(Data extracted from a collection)
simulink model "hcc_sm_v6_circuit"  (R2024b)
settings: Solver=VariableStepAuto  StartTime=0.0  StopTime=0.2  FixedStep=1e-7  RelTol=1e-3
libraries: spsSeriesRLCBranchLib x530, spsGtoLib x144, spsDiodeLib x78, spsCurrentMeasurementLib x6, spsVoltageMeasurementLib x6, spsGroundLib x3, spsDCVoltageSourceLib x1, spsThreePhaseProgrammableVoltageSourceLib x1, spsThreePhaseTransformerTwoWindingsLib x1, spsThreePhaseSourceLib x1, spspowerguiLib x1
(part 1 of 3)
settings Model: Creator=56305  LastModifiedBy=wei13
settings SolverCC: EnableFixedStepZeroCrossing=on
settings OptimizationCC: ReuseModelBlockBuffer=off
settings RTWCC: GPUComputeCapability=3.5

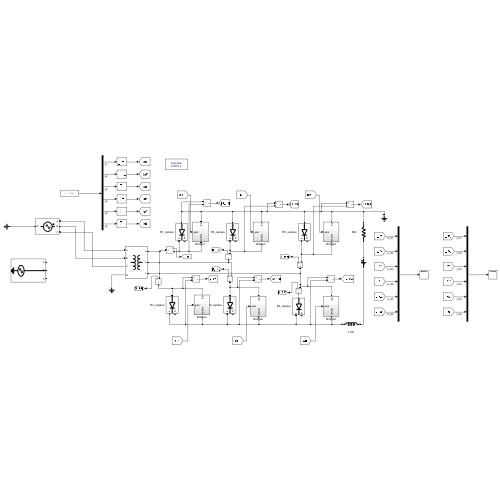
[thumbnail: Simulink's stored preview of the top-level diagram]
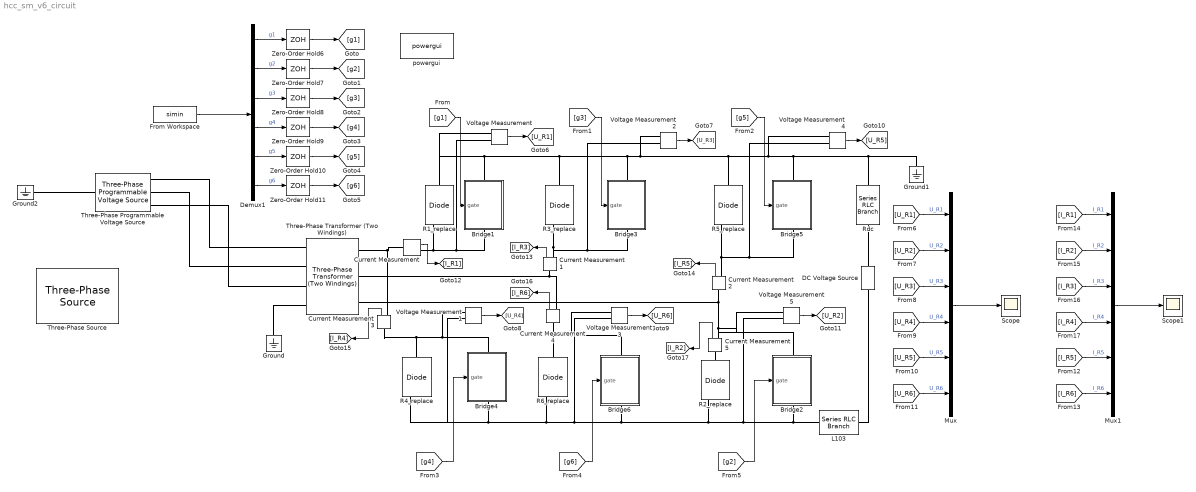
== system hcc_sm_v6_circuit ==
  Bridge1 : Subsystem
      settings: PortSchema="{\"entries\":[{\"content\":{\"sides\":[{\"content\":{\"connectorIds\":[\"In1\"]},\"type\":\"ConnectorPlacement.EquallySpacedRectSide\",\"uuid\":\"41aa3e2a-70f0-4b77-aa16-68e99ec54bcf\"},{\"content\":{\"side\":\"RIGHT\"},\"type\":\"ConnectorPlacement.EquallySpacedRectSide\",\"uuid\":\"96eb3ac2-20ab-4313-b955-709dae12ba5a\"},{\"content\":{\"connectorIds\":[\"LConn1\"],\"side\":\"TOP\"},\"type\":\"ConnectorPlacement.EquallySpacedRectSide\",\"uuid\":\"75cf1ed1-d1d6-43fb-a0f7-eae0627f950f\"},{\"content\":{\"connectorIds\":[\"RConn1\"],\"side\":\"BOTTOM\"},\"type\":\"ConnectorPlacement.EquallySpacedRectSide\",\"uuid\":\"e3d24c16-695e-4958-a9e5-c1041aebacaf\"}]},\"type\":\"ConnectorPlacement.EquallySpacedConnector\",\"uuid\":\"cea135f8-b684-4f22-bc6f-773380cf8880\"}],\"packageUris\":[\"http://schema.mathworks.com/mf0/Connector/R2020b\"],\"version\":\"1.0\"}"
  Bridge2 : Subsystem
      settings: PortSchema="{\"entries\":[{\"content\":{\"sides\":[{\"content\":{\"connectorIds\":[\"In1\"]},\"type\":\"ConnectorPlacement.EquallySpacedRectSide\",\"uuid\":\"41aa3e2a-70f0-4b77-aa16-68e99ec54bcf\"},{\"content\":{\"side\":\"RIGHT\"},\"type\":\"ConnectorPlacement.EquallySpacedRectSide\",\"uuid\":\"96eb3ac2-20ab-4313-b955-709dae12ba5a\"},{\"content\":{\"connectorIds\":[\"LConn1\"],\"side\":\"TOP\"},\"type\":\"ConnectorPlacement.EquallySpacedRectSide\",\"uuid\":\"75cf1ed1-d1d6-43fb-a0f7-eae0627f950f\"},{\"content\":{\"connectorIds\":[\"RConn1\"],\"side\":\"BOTTOM\"},\"type\":\"ConnectorPlacement.EquallySpacedRectSide\",\"uuid\":\"e3d24c16-695e-4958-a9e5-c1041aebacaf\"}]},\"type\":\"ConnectorPlacement.EquallySpacedConnector\",\"uuid\":\"cea135f8-b684-4f22-bc6f-773380cf8880\"}],\"packageUris\":[\"http://schema.mathworks.com/mf0/Connector/R2020b\"],\"version\":\"1.0\"}"
  Bridge3 : Subsystem
      settings: PortSchema="{\"entries\":[{\"content\":{\"sides\":[{\"content\":{\"connectorIds\":[\"In1\"]},\"type\":\"ConnectorPlacement.EquallySpacedRectSide\",\"uuid\":\"41aa3e2a-70f0-4b77-aa16-68e99ec54bcf\"},{\"content\":{\"side\":\"RIGHT\"},\"type\":\"ConnectorPlacement.EquallySpacedRectSide\",\"uuid\":\"96eb3ac2-20ab-4313-b955-709dae12ba5a\"},{\"content\":{\"connectorIds\":[\"LConn1\"],\"side\":\"TOP\"},\"type\":\"ConnectorPlacement.EquallySpacedRectSide\",\"uuid\":\"75cf1ed1-d1d6-43fb-a0f7-eae0627f950f\"},{\"content\":{\"connectorIds\":[\"RConn1\"],\"side\":\"BOTTOM\"},\"type\":\"ConnectorPlacement.EquallySpacedRectSide\",\"uuid\":\"e3d24c16-695e-4958-a9e5-c1041aebacaf\"}]},\"type\":\"ConnectorPlacement.EquallySpacedConnector\",\"uuid\":\"cea135f8-b684-4f22-bc6f-773380cf8880\"}],\"packageUris\":[\"http://schema.mathworks.com/mf0/Connector/R2020b\"],\"version\":\"1.0\"}"
  Bridge4 : Subsystem
      settings: PortSchema="{\"entries\":[{\"content\":{\"sides\":[{\"content\":{\"connectorIds\":[\"In1\"]},\"type\":\"ConnectorPlacement.EquallySpacedRectSide\",\"uuid\":\"41aa3e2a-70f0-4b77-aa16-68e99ec54bcf\"},{\"content\":{\"side\":\"RIGHT\"},\"type\":\"ConnectorPlacement.EquallySpacedRectSide\",\"uuid\":\"96eb3ac2-20ab-4313-b955-709dae12ba5a\"},{\"content\":{\"connectorIds\":[\"LConn1\"],\"side\":\"TOP\"},\"type\":\"ConnectorPlacement.EquallySpacedRectSide\",\"uuid\":\"75cf1ed1-d1d6-43fb-a0f7-eae0627f950f\"},{\"content\":{\"connectorIds\":[\"RConn1\"],\"side\":\"BOTTOM\"},\"type\":\"ConnectorPlacement.EquallySpacedRectSide\",\"uuid\":\"e3d24c16-695e-4958-a9e5-c1041aebacaf\"}]},\"type\":\"ConnectorPlacement.EquallySpacedConnector\",\"uuid\":\"cea135f8-b684-4f22-bc6f-773380cf8880\"}],\"packageUris\":[\"http://schema.mathworks.com/mf0/Connector/R2020b\"],\"version\":\"1.0\"}"
  Bridge5 : Subsystem
      settings: PortSchema="{\"entries\":[{\"content\":{\"sides\":[{\"content\":{\"connectorIds\":[\"In1\"]},\"type\":\"ConnectorPlacement.EquallySpacedRectSide\",\"uuid\":\"41aa3e2a-70f0-4b77-aa16-68e99ec54bcf\"},{\"content\":{\"side\":\"RIGHT\"},\"type\":\"ConnectorPlacement.EquallySpacedRectSide\",\"uuid\":\"96eb3ac2-20ab-4313-b955-709dae12ba5a\"},{\"content\":{\"connectorIds\":[\"LConn1\"],\"side\":\"TOP\"},\"type\":\"ConnectorPlacement.EquallySpacedRectSide\",\"uuid\":\"75cf1ed1-d1d6-43fb-a0f7-eae0627f950f\"},{\"content\":{\"connectorIds\":[\"RConn1\"],\"side\":\"BOTTOM\"},\"type\":\"ConnectorPlacement.EquallySpacedRectSide\",\"uuid\":\"e3d24c16-695e-4958-a9e5-c1041aebacaf\"}]},\"type\":\"ConnectorPlacement.EquallySpacedConnector\",\"uuid\":\"cea135f8-b684-4f22-bc6f-773380cf8880\"}],\"packageUris\":[\"http://schema.mathworks.com/mf0/Connector/R2020b\"],\"version\":\"1.0\"}"
  Bridge6 : Subsystem
      settings: PortSchema="{\"entries\":[{\"content\":{\"sides\":[{\"content\":{\"connectorIds\":[\"In1\"]},\"type\":\"ConnectorPlacement.EquallySpacedRectSide\",\"uuid\":\"41aa3e2a-70f0-4b77-aa16-68e99ec54bcf\"},{\"content\":{\"side\":\"RIGHT\"},\"type\":\"ConnectorPlacement.EquallySpacedRectSide\",\"uuid\":\"96eb3ac2-20ab-4313-b955-709dae12ba5a\"},{\"content\":{\"connectorIds\":[\"LConn1\"],\"side\":\"TOP\"},\"type\":\"ConnectorPlacement.EquallySpacedRectSide\",\"uuid\":\"75cf1ed1-d1d6-43fb-a0f7-eae0627f950f\"},{\"content\":{\"connectorIds\":[\"RConn1\"],\"side\":\"BOTTOM\"},\"type\":\"ConnectorPlacement.EquallySpacedRectSide\",\"uuid\":\"e3d24c16-695e-4958-a9e5-c1041aebacaf\"}]},\"type\":\"ConnectorPlacement.EquallySpacedConnector\",\"uuid\":\"cea135f8-b684-4f22-bc6f-773380cf8880\"}],\"packageUris\":[\"http://schema.mathworks.com/mf0/Connector/R2020b\"],\"version\":\"1.0\"}"
  Current Measurement{,1..5} (6 alike) : spsCurrentMeasurementLib/Current Measurement  PhasorSimulation=off  OutputType=Complex  PSBequivalent=0
  DC Voltage Source : spsDCVoltageSourceLib/DC Voltage Source  Amplitude=57000  Measurements=None
  Demux1 : Demux  Outputs=6
  From Workspace : FromWorkspace  VariableName=simin  SampleTime=0.0001  Interpolate=off  OutputAfterFinalValue=Holding final value
  Ground : spsGroundLib/Ground  LConnTagsString=a
  Ground1 : spsGroundLib/Ground  LConnTagsString=a
  Ground2 : spsGroundLib/Ground  LConnTagsString=a
  L103 : spsSeriesRLCBranchLib/Series RLC Branch  LConnTagsString=__new0  RConnTagsString=__new0  BranchType=L  Resistance=36  Inductance=120*1e-03  SetiL0=off  InitialCurrent=0  Capacitance=2.62e-06  Setx0=off  InitialVoltage=0  Measurements=None
  Mux : Mux  Inputs=6
  Mux1 : Mux  Inputs=6
  R1_replace : spsDiodeLib/Diode  Ron=3.2041  Lon=0  Vf=119772.7273  IC=0  UseSnubber=0  Rs=1e6  Cs=0  Measurements=on
  R2_replace : spsDiodeLib/Diode  Ron=3.2041  Lon=0  Vf=119772.7273  IC=0  UseSnubber=0  Rs=1e6  Cs=0  Measurements=on
  R3_replace : spsDiodeLib/Diode  Ron=3.2041  Lon=0  Vf=119772.7273  IC=0  UseSnubber=0  Rs=1e6  Cs=0  Measurements=on
  R4_replace : spsDiodeLib/Diode  Ron=3.2041  Lon=0  Vf=119772.7273  IC=0  UseSnubber=0  Rs=1e6  Cs=0  Measurements=on
  R5_replace : spsDiodeLib/Diode  Ron=3.2041  Lon=0  Vf=119772.7273  IC=0  UseSnubber=0  Rs=1e6  Cs=0  Measurements=on
  R6_replace : spsDiodeLib/Diode  Ron=3.2041  Lon=0  Vf=119772.7273  IC=0  UseSnubber=0  Rs=1e6  Cs=0  Measurements=on
  Rdc : spsSeriesRLCBranchLib/Series RLC Branch  LConnTagsString=__new0  RConnTagsString=__new0  BranchType=R  Resistance=1  Inductance=120e-03  SetiL0=off  InitialCurrent=0  Capacitance=2.62e-06  Setx0=off  InitialVoltage=0  Measurements=None
  Scope : Scope
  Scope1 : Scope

__What the task asks__:
Tally the lines above that contain "spsDCVoltageSourceLib"; give only the number.

__Answer to this exercise__:
2